[Opening Given data section]

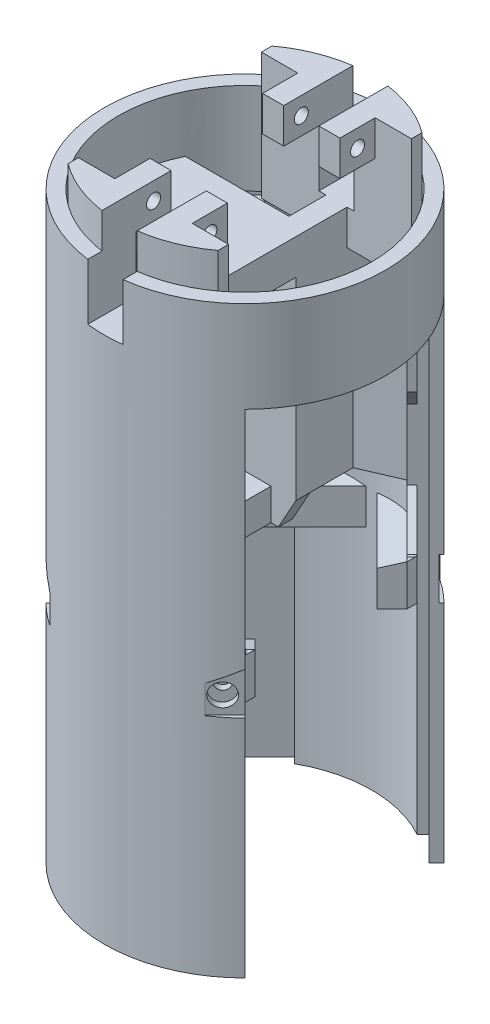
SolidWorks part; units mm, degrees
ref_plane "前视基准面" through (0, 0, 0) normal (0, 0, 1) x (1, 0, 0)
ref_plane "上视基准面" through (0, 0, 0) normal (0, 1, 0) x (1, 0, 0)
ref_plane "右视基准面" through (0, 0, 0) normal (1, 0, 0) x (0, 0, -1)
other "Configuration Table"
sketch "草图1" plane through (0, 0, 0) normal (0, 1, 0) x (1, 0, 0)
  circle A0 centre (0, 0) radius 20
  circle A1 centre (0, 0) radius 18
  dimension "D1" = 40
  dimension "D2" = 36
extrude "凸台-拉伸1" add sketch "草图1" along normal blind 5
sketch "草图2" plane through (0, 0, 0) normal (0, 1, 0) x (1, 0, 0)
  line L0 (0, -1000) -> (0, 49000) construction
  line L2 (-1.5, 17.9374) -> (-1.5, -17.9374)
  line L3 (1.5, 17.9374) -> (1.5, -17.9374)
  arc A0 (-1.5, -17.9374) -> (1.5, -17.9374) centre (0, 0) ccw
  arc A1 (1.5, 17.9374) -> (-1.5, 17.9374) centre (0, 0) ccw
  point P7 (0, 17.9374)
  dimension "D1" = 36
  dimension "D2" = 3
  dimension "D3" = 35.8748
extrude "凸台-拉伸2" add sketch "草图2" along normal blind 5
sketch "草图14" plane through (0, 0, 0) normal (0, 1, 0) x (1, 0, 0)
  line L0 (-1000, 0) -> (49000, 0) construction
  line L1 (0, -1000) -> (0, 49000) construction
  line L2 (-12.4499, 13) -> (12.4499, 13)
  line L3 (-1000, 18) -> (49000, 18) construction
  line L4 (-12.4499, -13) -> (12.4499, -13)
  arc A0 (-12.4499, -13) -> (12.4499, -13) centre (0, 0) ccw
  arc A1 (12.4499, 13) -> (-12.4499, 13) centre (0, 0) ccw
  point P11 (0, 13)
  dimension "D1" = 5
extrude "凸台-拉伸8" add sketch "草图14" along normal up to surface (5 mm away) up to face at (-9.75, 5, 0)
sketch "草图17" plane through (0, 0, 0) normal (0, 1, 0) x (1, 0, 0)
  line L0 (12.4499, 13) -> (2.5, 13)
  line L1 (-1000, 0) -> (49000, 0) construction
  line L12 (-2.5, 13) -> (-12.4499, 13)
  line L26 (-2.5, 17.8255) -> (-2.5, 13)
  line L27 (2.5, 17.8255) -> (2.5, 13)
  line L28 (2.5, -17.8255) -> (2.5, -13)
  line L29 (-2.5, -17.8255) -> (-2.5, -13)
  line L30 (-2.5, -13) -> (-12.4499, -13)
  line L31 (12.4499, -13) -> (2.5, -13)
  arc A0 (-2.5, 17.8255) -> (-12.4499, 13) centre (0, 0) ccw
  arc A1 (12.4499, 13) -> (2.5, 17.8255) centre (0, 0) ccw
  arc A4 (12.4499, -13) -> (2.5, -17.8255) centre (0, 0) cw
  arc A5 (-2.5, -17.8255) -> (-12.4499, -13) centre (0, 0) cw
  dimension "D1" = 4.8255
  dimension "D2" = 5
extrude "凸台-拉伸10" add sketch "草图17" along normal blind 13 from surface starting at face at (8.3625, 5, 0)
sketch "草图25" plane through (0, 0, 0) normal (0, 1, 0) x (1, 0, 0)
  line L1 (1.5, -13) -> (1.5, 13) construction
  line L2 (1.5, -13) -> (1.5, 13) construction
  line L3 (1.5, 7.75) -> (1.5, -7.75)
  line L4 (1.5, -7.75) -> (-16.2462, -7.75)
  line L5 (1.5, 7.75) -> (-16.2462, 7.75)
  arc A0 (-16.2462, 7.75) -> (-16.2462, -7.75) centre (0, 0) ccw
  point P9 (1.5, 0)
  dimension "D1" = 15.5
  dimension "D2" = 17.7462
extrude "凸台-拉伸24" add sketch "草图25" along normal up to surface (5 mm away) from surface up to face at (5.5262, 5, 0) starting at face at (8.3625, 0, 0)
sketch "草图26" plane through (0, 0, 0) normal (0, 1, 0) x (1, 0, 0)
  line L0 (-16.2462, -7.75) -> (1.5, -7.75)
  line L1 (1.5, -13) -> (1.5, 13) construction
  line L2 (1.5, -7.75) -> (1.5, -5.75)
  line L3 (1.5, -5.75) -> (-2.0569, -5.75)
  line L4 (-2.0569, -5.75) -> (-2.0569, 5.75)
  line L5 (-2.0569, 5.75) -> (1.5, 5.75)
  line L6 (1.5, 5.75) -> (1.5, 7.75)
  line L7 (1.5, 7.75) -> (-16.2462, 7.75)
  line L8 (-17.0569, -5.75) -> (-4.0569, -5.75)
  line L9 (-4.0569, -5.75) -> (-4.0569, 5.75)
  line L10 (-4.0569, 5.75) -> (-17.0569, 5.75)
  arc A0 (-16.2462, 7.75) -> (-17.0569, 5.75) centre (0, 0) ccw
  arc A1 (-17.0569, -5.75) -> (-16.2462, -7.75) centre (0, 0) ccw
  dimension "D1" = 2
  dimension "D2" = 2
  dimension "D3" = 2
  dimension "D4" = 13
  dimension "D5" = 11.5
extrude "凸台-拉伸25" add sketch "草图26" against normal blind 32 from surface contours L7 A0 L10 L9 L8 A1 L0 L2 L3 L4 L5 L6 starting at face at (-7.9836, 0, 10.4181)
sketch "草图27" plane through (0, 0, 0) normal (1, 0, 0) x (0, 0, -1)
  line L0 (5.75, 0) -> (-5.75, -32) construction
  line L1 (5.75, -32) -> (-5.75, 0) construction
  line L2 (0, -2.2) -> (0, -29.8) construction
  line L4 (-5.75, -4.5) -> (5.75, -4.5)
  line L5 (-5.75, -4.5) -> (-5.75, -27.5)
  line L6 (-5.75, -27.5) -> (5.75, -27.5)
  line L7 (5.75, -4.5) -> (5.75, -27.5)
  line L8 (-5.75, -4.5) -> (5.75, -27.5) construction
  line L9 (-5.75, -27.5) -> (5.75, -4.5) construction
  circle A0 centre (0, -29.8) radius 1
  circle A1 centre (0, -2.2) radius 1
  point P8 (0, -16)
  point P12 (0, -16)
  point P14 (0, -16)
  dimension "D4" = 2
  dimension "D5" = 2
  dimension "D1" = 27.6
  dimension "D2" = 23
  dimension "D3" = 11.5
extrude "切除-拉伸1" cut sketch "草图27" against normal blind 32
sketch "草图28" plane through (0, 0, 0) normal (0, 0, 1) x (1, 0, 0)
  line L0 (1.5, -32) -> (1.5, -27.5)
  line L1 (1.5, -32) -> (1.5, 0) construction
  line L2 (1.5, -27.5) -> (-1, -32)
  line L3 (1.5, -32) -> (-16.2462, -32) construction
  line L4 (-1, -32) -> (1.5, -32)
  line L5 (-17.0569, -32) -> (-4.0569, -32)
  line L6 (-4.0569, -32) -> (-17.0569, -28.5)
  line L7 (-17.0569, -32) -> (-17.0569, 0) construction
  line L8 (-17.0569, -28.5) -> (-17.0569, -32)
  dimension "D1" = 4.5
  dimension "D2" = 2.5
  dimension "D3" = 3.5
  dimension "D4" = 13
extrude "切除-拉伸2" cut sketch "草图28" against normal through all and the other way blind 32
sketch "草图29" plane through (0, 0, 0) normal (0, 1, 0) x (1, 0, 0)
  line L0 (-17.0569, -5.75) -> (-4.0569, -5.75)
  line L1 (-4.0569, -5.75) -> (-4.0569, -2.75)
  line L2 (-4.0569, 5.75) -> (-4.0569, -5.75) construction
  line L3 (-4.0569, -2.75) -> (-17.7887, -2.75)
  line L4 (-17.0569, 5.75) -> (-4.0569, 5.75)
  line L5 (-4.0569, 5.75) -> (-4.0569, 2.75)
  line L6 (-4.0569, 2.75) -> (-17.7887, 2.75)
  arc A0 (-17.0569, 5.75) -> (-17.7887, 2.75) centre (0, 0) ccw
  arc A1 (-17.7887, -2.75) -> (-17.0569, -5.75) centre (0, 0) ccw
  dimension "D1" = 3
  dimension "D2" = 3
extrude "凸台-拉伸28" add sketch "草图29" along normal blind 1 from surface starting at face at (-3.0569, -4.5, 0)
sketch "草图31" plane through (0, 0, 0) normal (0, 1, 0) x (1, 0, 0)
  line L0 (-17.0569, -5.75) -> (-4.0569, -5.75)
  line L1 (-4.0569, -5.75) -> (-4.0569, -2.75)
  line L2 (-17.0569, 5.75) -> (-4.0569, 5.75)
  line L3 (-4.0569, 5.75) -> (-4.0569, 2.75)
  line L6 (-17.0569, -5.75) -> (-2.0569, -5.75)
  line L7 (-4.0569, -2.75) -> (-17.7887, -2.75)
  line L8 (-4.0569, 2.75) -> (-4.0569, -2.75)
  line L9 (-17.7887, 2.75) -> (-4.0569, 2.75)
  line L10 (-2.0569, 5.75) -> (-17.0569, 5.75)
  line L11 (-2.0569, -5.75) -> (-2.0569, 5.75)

[Closing Given data section]

- _About this task_
In the data above, find the line with "(-7.9836, 0, 10.4181)" and the line with "line L9 (-5.75, -27.5)". Retype both, plus every line between them, exactly.

- _Expected answer_
extrude "凸台-拉伸25" add sketch "草图26" against normal blind 32 from surface contours L7 A0 L10 L9 L8 A1 L0 L2 L3 L4 L5 L6 starting at face at (-7.9836, 0, 10.4181)
sketch "草图27" plane through (0, 0, 0) normal (1, 0, 0) x (0, 0, -1)
  line L0 (5.75, 0) -> (-5.75, -32) construction
  line L1 (5.75, -32) -> (-5.75, 0) construction
  line L2 (0, -2.2) -> (0, -29.8) construction
  line L4 (-5.75, -4.5) -> (5.75, -4.5)
  line L5 (-5.75, -4.5) -> (-5.75, -27.5)
  line L6 (-5.75, -27.5) -> (5.75, -27.5)
  line L7 (5.75, -4.5) -> (5.75, -27.5)
  line L8 (-5.75, -4.5) -> (5.75, -27.5) construction
  line L9 (-5.75, -27.5) -> (5.75, -4.5) construction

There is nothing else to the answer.